Application of Noether symmetry in f(R$_{\mathrm{GHL}})$ Horava -- Lifshitz gravity \quad

We study the Noether symmetry of the general cosmological model using the behavior of the corresponding Lagrangian for infinitesimal generators of the desired symmetry. We explicitly calculate the form of the function f(R$_{\mathrm{GHL}})$ for which such symmetries exist. It is shown that the resulting form f(R$_{\mathrm{GHL}})$ gives an expansion according to a power law for the cosmological scale factor. Horava proposed a theory of quantum gravity, which takes into account the degree of renormalizability in ultraviolet radiation. This was achieved due to anisotropic scaling between space and time, and, therefore, it violates Lorentz invariance in the ultraviolet range.

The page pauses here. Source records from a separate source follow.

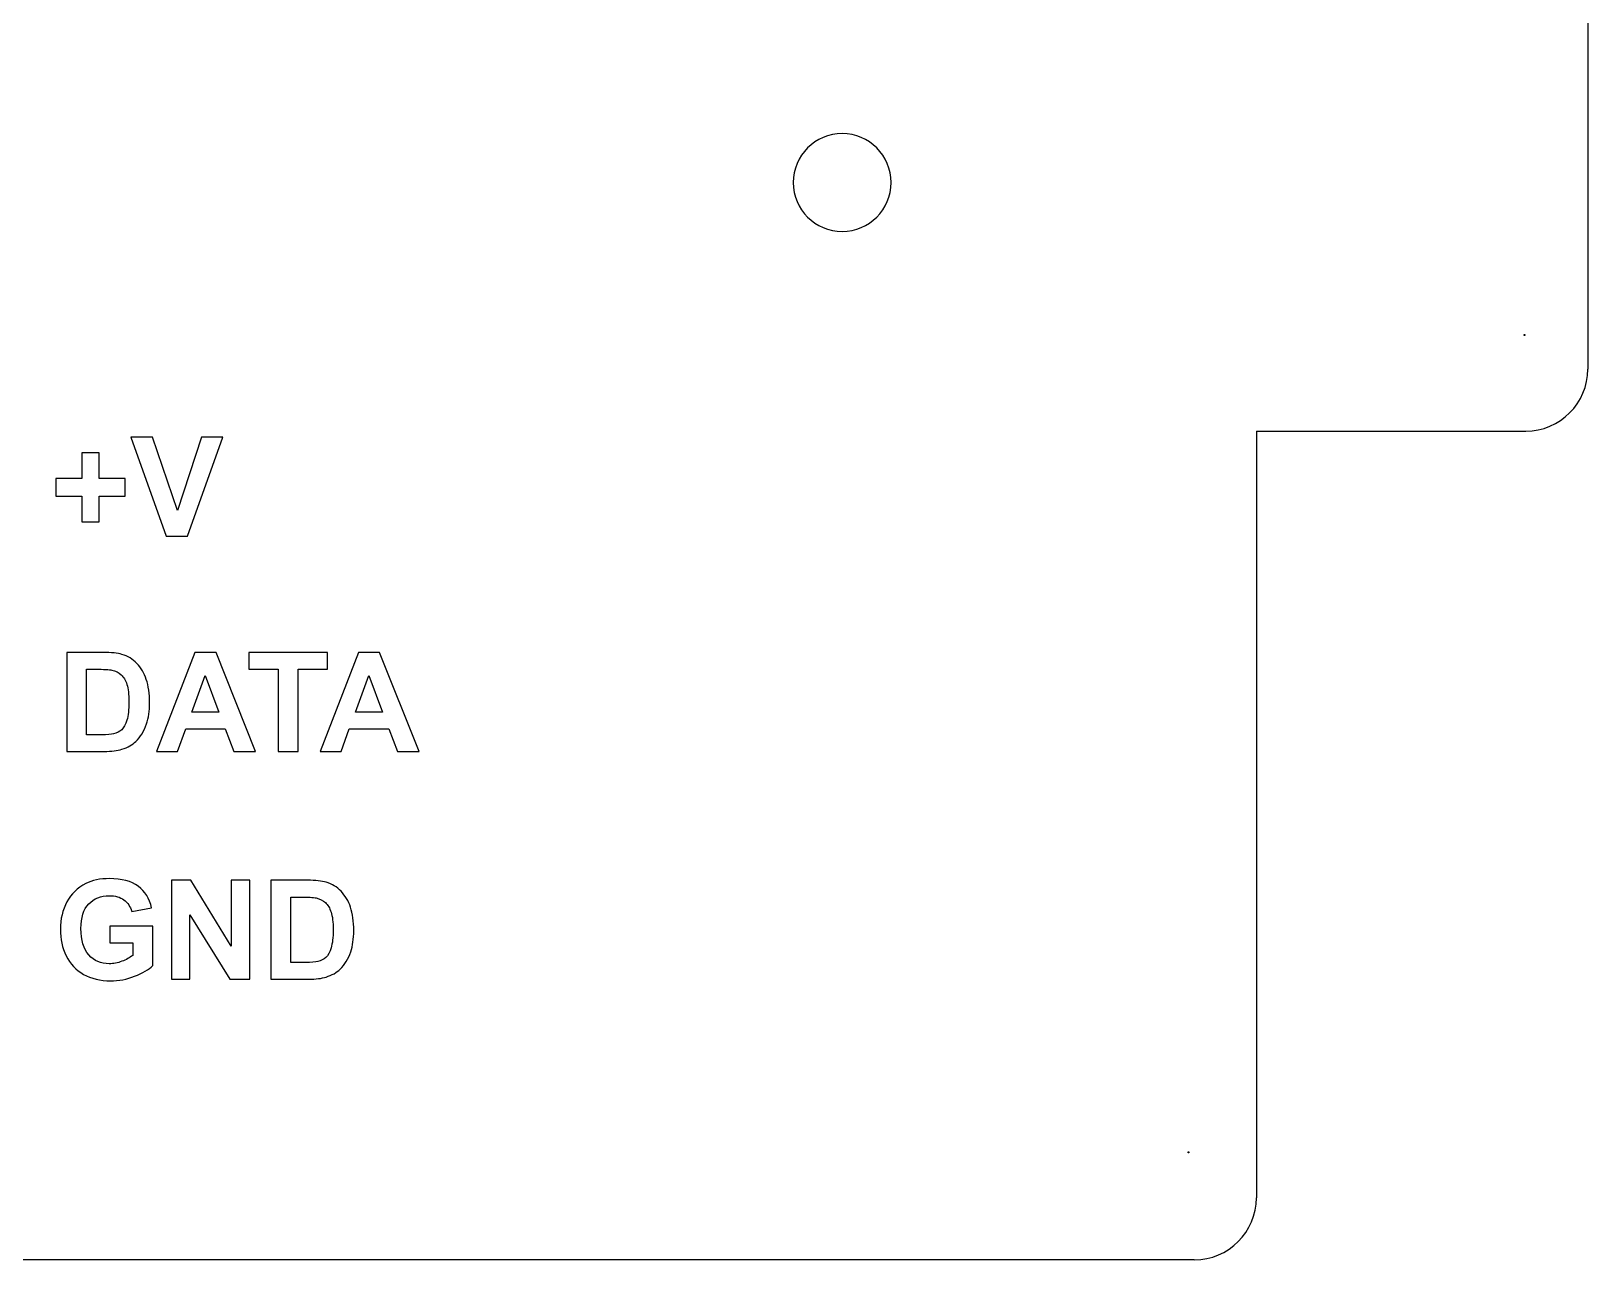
# Model space of a CAD drawing. Extents: x -99 to 88, y -102 to 146.
# Drawn here: x -50.1 to -2.38, y -101.89 to -64.23 of the extents above; entities that cross this region are included whole.
import ezdxf

# ---------------------------------------------------------------- set-up
doc = ezdxf.new("R2010")
doc.units = 0
doc.header["$MEASUREMENT"] = 0
doc.header["$XCLIPFRAME"] = 2
doc.layers.add('LAYER_1', color=7, linetype='CONTINUOUS')
picture_1 = doc.add_image_def('image11.jpg', size_in_pixel=(137, 137))
picture_2 = doc.add_image_def('image12.jpg', size_in_pixel=(137, 137))

msp = doc.modelspace()

# ---------------------------------------------------------------- linework, layer by layer
at = {"layer": 'LAYER_1', "color": 250}
for points in [[(-2.377, -28.8696), (-2.377, -28.8696), (-2.377, -73.9546), (-2.377, -73.9546)], [(-2.377, -28.8696), (-2.377, -28.8696), (-2.377, -73.9546), (-2.377, -73.9546)], [(-2.377, -73.9546), (-2.377, -73.9546), (-2.377, -74.5896), (-2.377, -74.5896)], [(-2.377, -73.9546), (-2.377, -73.9546), (-2.377, -74.5896), (-2.377, -74.5896)], [(-4.282, -76.4946), (-3.2302, -76.4946), (-2.3771, -75.6415), (-2.3771, -74.5896)], [(-4.282, -76.4946), (-3.2302, -76.4946), (-2.3771, -75.6415), (-2.3771, -74.5896)], [(-12.537, -76.4946), (-12.537, -76.4946), (-12.537, -99.9896), (-12.537, -99.9896)], [(-12.537, -76.4946), (-12.537, -76.4946), (-12.537, -99.9896), (-12.537, -99.9896)], [(-12.537, -76.4946), (-12.537, -76.4946), (-4.282, -76.4946), (-4.282, -76.4946)], [(-12.537, -76.4946), (-12.537, -76.4946), (-4.282, -76.4946), (-4.282, -76.4946)], [(-14.442, -101.8946), (-13.3902, -101.8946), (-12.5371, -101.0415), (-12.5371, -99.9896)], [(-14.442, -101.8946), (-13.3902, -101.8946), (-12.5371, -101.0415), (-12.5371, -99.9896)], [(-14.442, -101.8946), (-14.442, -101.8946), (-80.482, -101.8946), (-80.482, -101.8946)], [(-14.442, -101.8946), (-14.442, -101.8946), (-80.482, -101.8946), (-80.482, -101.8946)]]:
    msp.add_open_spline(points, degree=3, dxfattribs=at)
for points, knots in [([(-25.237, -70.3746), (-26.0654, -70.3746), (-26.737, -69.703), (-26.737, -68.8746), (-26.737, -68.8746), (-26.737, -68.0462), (-26.0654, -67.3746), (-25.237, -67.3746), (-25.237, -67.3746), (-24.4086, -67.3746), (-23.737, -68.0462), (-23.737, -68.8746), (-23.737, -68.8746), (-23.737, -69.703), (-24.4086, -70.3746), (-25.237, -70.3746)], [0, 0, 0, 0, 0.2, 0.2, 0.2, 0.2, 0.4, 0.4, 0.4, 0.4, 0.6, 0.6, 0.6, 0.6, 1, 1, 1, 1]), ([(-2.377, -73.9546), (-2.377, -73.9546), (-2.377, -73.9546), (-2.377, -73.9546), (-2.377, -73.9546), (-2.377, -73.9546), (-2.377, -73.9546), (-2.377, -73.9546)], [0, 0, 0, 0, 0.3333333, 0.3333333, 0.3333333, 0.3333333, 1, 1, 1, 1]), ([(-2.377, -73.9546), (-2.377, -73.9546), (-2.377, -73.9546), (-2.377, -73.9546), (-2.377, -73.9546), (-2.377, -73.9546), (-2.377, -73.9546), (-2.377, -73.9546)], [0, 0, 0, 0, 0.3333333, 0.3333333, 0.3333333, 0.3333333, 1, 1, 1, 1]), ([(-45.9653, -79.7093), (-45.9653, -79.7093), (-47.0483, -76.679), (-47.0483, -76.679), (-47.0483, -76.679), (-47.0483, -76.679), (-46.3844, -76.679), (-46.3844, -76.679), (-46.3844, -76.679), (-46.3844, -76.679), (-45.6182, -78.9219), (-45.6182, -78.9219), (-45.6182, -78.9219), (-45.6182, -78.9219), (-44.8759, -76.679), (-44.8759, -76.679), (-44.8759, -76.679), (-44.8759, -76.679), (-44.2268, -76.679), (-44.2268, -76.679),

The infrared limit of the theory reproduces the general theory of relativity for a particular choice of parameter, namely $\lambda =$1. Lorentz symmetry breaking is performed by the preferred foliation of three-dimensional spatially similar hypersurfaces, which, in turn, divide the coordinate into space and time. This allows us to write down the Einstein-Hilbert action with higher spatial derivatives of the metric. This improves the ultraviolet behavior of the graviton propagator and displays a renormalizable theory of power counting. Moreover, the action has only second-order time derivatives that prevent the presence of ghosts in theory.